SUPPLIED MATERIAL below:
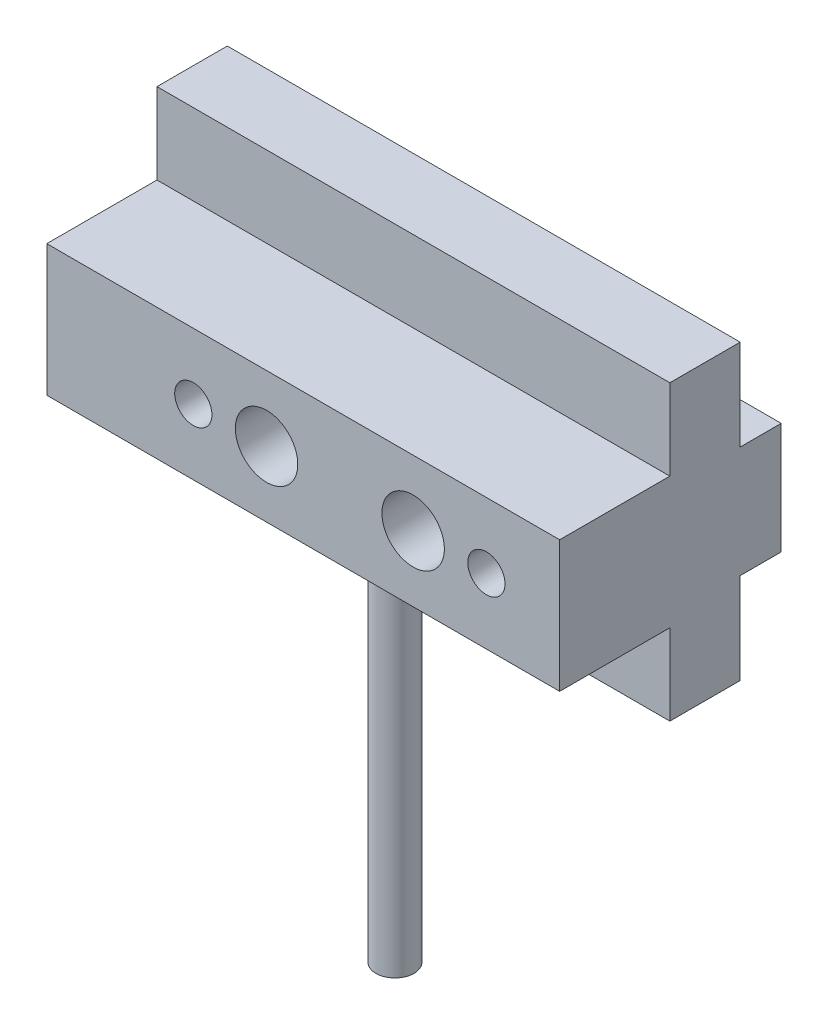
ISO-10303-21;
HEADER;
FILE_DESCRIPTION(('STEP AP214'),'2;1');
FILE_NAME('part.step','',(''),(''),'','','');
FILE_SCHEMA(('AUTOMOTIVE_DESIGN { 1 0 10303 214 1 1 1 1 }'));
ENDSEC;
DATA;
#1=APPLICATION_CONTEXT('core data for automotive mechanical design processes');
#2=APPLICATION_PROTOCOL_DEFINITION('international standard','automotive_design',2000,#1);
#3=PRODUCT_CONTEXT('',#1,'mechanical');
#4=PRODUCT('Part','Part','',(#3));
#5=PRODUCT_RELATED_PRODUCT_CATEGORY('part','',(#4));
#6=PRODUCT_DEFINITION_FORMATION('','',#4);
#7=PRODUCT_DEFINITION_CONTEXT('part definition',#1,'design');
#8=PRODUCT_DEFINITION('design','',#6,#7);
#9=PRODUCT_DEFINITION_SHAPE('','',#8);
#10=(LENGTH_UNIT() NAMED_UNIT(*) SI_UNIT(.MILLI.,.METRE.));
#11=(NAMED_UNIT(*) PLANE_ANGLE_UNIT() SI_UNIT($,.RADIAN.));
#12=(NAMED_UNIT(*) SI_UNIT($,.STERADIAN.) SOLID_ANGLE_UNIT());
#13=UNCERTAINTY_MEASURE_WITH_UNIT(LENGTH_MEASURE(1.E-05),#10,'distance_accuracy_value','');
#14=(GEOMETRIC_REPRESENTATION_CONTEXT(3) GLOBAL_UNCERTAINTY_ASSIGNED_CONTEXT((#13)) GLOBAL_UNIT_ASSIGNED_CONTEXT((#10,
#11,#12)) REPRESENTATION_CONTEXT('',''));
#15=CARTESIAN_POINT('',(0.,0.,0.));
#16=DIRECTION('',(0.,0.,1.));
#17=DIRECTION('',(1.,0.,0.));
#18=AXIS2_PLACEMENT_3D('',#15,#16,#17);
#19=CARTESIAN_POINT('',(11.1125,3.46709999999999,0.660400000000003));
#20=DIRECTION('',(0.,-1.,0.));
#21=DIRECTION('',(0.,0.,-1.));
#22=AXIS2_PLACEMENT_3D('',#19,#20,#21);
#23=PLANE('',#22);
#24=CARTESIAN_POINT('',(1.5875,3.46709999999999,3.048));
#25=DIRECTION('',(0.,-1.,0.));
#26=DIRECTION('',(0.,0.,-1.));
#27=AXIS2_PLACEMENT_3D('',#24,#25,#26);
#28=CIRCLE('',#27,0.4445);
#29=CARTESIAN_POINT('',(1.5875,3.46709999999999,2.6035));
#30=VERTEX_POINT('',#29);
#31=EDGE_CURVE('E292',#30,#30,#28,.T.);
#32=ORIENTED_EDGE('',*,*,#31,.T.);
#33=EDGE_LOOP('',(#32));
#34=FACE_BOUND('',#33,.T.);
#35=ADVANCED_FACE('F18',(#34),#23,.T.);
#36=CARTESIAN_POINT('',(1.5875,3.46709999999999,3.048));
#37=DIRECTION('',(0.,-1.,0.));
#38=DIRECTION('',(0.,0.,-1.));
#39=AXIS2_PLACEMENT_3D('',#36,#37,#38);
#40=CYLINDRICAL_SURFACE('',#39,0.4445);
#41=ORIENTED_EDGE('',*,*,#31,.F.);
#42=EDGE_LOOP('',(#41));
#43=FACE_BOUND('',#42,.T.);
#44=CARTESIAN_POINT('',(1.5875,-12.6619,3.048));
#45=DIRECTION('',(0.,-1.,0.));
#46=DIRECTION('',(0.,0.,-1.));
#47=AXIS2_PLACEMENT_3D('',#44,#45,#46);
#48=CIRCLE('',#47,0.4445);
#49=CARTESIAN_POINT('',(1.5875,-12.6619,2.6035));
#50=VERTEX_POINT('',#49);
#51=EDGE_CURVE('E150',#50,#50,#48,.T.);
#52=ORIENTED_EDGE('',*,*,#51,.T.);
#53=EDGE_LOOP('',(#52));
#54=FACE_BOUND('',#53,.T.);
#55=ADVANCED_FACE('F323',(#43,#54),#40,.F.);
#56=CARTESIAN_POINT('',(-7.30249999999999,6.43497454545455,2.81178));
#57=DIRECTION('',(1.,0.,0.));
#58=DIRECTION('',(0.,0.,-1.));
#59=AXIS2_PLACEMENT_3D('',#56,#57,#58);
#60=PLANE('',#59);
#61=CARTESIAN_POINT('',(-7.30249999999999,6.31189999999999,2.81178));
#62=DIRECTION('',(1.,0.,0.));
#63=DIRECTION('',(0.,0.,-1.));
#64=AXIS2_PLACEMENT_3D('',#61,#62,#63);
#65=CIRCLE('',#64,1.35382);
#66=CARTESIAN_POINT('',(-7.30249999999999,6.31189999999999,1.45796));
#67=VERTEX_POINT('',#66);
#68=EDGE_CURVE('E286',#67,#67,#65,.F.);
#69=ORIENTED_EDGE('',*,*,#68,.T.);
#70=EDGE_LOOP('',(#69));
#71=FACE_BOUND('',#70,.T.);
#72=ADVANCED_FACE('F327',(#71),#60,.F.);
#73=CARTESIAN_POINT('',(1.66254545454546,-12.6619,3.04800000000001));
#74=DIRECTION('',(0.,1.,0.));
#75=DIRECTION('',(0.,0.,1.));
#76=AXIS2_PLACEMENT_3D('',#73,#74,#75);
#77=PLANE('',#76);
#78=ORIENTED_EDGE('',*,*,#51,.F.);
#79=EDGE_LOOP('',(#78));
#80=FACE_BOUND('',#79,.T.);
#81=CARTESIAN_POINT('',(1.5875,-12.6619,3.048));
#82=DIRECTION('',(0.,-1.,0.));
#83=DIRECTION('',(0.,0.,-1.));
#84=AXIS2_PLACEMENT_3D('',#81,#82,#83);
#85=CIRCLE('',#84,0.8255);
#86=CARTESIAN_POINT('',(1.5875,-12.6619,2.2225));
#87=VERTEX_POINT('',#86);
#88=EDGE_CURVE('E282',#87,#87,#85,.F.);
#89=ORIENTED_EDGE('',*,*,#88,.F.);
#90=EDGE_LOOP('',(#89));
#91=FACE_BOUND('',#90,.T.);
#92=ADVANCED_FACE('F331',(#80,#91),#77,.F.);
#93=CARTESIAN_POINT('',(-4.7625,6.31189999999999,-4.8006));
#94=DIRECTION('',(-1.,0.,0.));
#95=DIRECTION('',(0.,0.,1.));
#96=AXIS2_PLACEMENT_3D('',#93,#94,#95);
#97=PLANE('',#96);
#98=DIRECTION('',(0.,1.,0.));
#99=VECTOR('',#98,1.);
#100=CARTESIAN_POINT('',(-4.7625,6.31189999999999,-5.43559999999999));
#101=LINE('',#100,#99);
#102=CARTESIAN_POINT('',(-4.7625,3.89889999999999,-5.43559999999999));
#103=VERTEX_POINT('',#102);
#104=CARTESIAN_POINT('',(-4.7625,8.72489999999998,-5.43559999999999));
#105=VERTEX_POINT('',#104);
End of SUPPLIED MATERIAL.
Make an exact copy of every entry above, minus the images.

=== SOLVED EXERCISE ===
ISO-10303-21;
HEADER;
FILE_DESCRIPTION(('STEP AP214'),'2;1');
FILE_NAME('part.step','',(''),(''),'','','');
FILE_SCHEMA(('AUTOMOTIVE_DESIGN { 1 0 10303 214 1 1 1 1 }'));
ENDSEC;
DATA;
#1=APPLICATION_CONTEXT('core data for automotive mechanical design processes');
#2=APPLICATION_PROTOCOL_DEFINITION('international standard','automotive_design',2000,#1);
#3=PRODUCT_CONTEXT('',#1,'mechanical');
#4=PRODUCT('Part','Part','',(#3));
#5=PRODUCT_RELATED_PRODUCT_CATEGORY('part','',(#4));
#6=PRODUCT_DEFINITION_FORMATION('','',#4);
#7=PRODUCT_DEFINITION_CONTEXT('part definition',#1,'design');
#8=PRODUCT_DEFINITION('design','',#6,#7);
#9=PRODUCT_DEFINITION_SHAPE('','',#8);
#10=(LENGTH_UNIT() NAMED_UNIT(*) SI_UNIT(.MILLI.,.METRE.));
#11=(NAMED_UNIT(*) PLANE_ANGLE_UNIT() SI_UNIT($,.RADIAN.));
#12=(NAMED_UNIT(*) SI_UNIT($,.STERADIAN.) SOLID_ANGLE_UNIT());
#13=UNCERTAINTY_MEASURE_WITH_UNIT(LENGTH_MEASURE(1.E-05),#10,'distance_accuracy_value','');
#14=(GEOMETRIC_REPRESENTATION_CONTEXT(3) GLOBAL_UNCERTAINTY_ASSIGNED_CONTEXT((#13)) GLOBAL_UNIT_ASSIGNED_CONTEXT((#10,
#11,#12)) REPRESENTATION_CONTEXT('',''));
#15=CARTESIAN_POINT('',(0.,0.,0.));
#16=DIRECTION('',(0.,0.,1.));
#17=DIRECTION('',(1.,0.,0.));
#18=AXIS2_PLACEMENT_3D('',#15,#16,#17);
#19=CARTESIAN_POINT('',(11.1125,3.46709999999999,0.660400000000003));
#20=DIRECTION('',(0.,-1.,0.));
#21=DIRECTION('',(0.,0.,-1.));
#22=AXIS2_PLACEMENT_3D('',#19,#20,#21);
#23=PLANE('',#22);
#24=CARTESIAN_POINT('',(1.5875,3.46709999999999,3.048));
#25=DIRECTION('',(0.,-1.,0.));
#26=DIRECTION('',(0.,0.,-1.));
#27=AXIS2_PLACEMENT_3D('',#24,#25,#26);
#28=CIRCLE('',#27,0.4445);
#29=CARTESIAN_POINT('',(1.5875,3.46709999999999,2.6035));
#30=VERTEX_POINT('',#29);
#31=EDGE_CURVE('E292',#30,#30,#28,.T.);
#32=ORIENTED_EDGE('',*,*,#31,.T.);
#33=EDGE_LOOP('',(#32));
#34=FACE_BOUND('',#33,.T.);
#35=ADVANCED_FACE('F18',(#34),#23,.T.);
#36=CARTESIAN_POINT('',(1.5875,3.46709999999999,3.048));
#37=DIRECTION('',(0.,-1.,0.));
#38=DIRECTION('',(0.,0.,-1.));
#39=AXIS2_PLACEMENT_3D('',#36,#37,#38);
#40=CYLINDRICAL_SURFACE('',#39,0.4445);
#41=ORIENTED_EDGE('',*,*,#31,.F.);
#42=EDGE_LOOP('',(#41));
#43=FACE_BOUND('',#42,.T.);
#44=CARTESIAN_POINT('',(1.5875,-12.6619,3.048));
#45=DIRECTION('',(0.,-1.,0.));
#46=DIRECTION('',(0.,0.,-1.));
#47=AXIS2_PLACEMENT_3D('',#44,#45,#46);
#48=CIRCLE('',#47,0.4445);
#49=CARTESIAN_POINT('',(1.5875,-12.6619,2.6035));
#50=VERTEX_POINT('',#49);
#51=EDGE_CURVE('E150',#50,#50,#48,.T.);
#52=ORIENTED_EDGE('',*,*,#51,.T.);
#53=EDGE_LOOP('',(#52));
#54=FACE_BOUND('',#53,.T.);
#55=ADVANCED_FACE('F323',(#43,#54),#40,.F.);
#56=CARTESIAN_POINT('',(-7.30249999999999,6.43497454545455,2.81178));
#57=DIRECTION('',(1.,0.,0.));
#58=DIRECTION('',(0.,0.,-1.));
#59=AXIS2_PLACEMENT_3D('',#56,#57,#58);
#60=PLANE('',#59);
#61=CARTESIAN_POINT('',(-7.30249999999999,6.31189999999999,2.81178));
#62=DIRECTION('',(1.,0.,0.));
#63=DIRECTION('',(0.,0.,-1.));
#64=AXIS2_PLACEMENT_3D('',#61,#62,#63);
#65=CIRCLE('',#64,1.35382);
#66=CARTESIAN_POINT('',(-7.30249999999999,6.31189999999999,1.45796));
#67=VERTEX_POINT('',#66);
#68=EDGE_CURVE('E286',#67,#67,#65,.F.);
#69=ORIENTED_EDGE('',*,*,#68,.T.);
#70=EDGE_LOOP('',(#69));
#71=FACE_BOUND('',#70,.T.);
#72=ADVANCED_FACE('F327',(#71),#60,.F.);
#73=CARTESIAN_POINT('',(1.66254545454546,-12.6619,3.04800000000001));
#74=DIRECTION('',(0.,1.,0.));
#75=DIRECTION('',(0.,0.,1.));
#76=AXIS2_PLACEMENT_3D('',#73,#74,#75);
#77=PLANE('',#76);
#78=ORIENTED_EDGE('',*,*,#51,.F.);
#79=EDGE_LOOP('',(#78));
#80=FACE_BOUND('',#79,.T.);
#81=CARTESIAN_POINT('',(1.5875,-12.6619,3.048));
#82=DIRECTION('',(0.,-1.,0.));
#83=DIRECTION('',(0.,0.,-1.));
#84=AXIS2_PLACEMENT_3D('',#81,#82,#83);
#85=CIRCLE('',#84,0.8255);
#86=CARTESIAN_POINT('',(1.5875,-12.6619,2.2225));
#87=VERTEX_POINT('',#86);
#88=EDGE_CURVE('E282',#87,#87,#85,.F.);
#89=ORIENTED_EDGE('',*,*,#88,.F.);
#90=EDGE_LOOP('',(#89));
#91=FACE_BOUND('',#90,.T.);
#92=ADVANCED_FACE('F331',(#80,#91),#77,.F.);
#93=CARTESIAN_POINT('',(-4.7625,6.31189999999999,-4.8006));
#94=DIRECTION('',(-1.,0.,0.));
#95=DIRECTION('',(0.,0.,1.));
#96=AXIS2_PLACEMENT_3D('',#93,#94,#95);
#97=PLANE('',#96);
#98=DIRECTION('',(0.,1.,0.));
#99=VECTOR('',#98,1.);
#100=CARTESIAN_POINT('',(-4.7625,6.31189999999999,-5.43559999999999));
#101=LINE('',#100,#99);
#102=CARTESIAN_POINT('',(-4.7625,3.89889999999999,-5.43559999999999));
#103=VERTEX_POINT('',#102);
#104=CARTESIAN_POINT('',(-4.7625,8.72489999999998,-5.43559999999999));
#105=VERTEX_POINT('',#104);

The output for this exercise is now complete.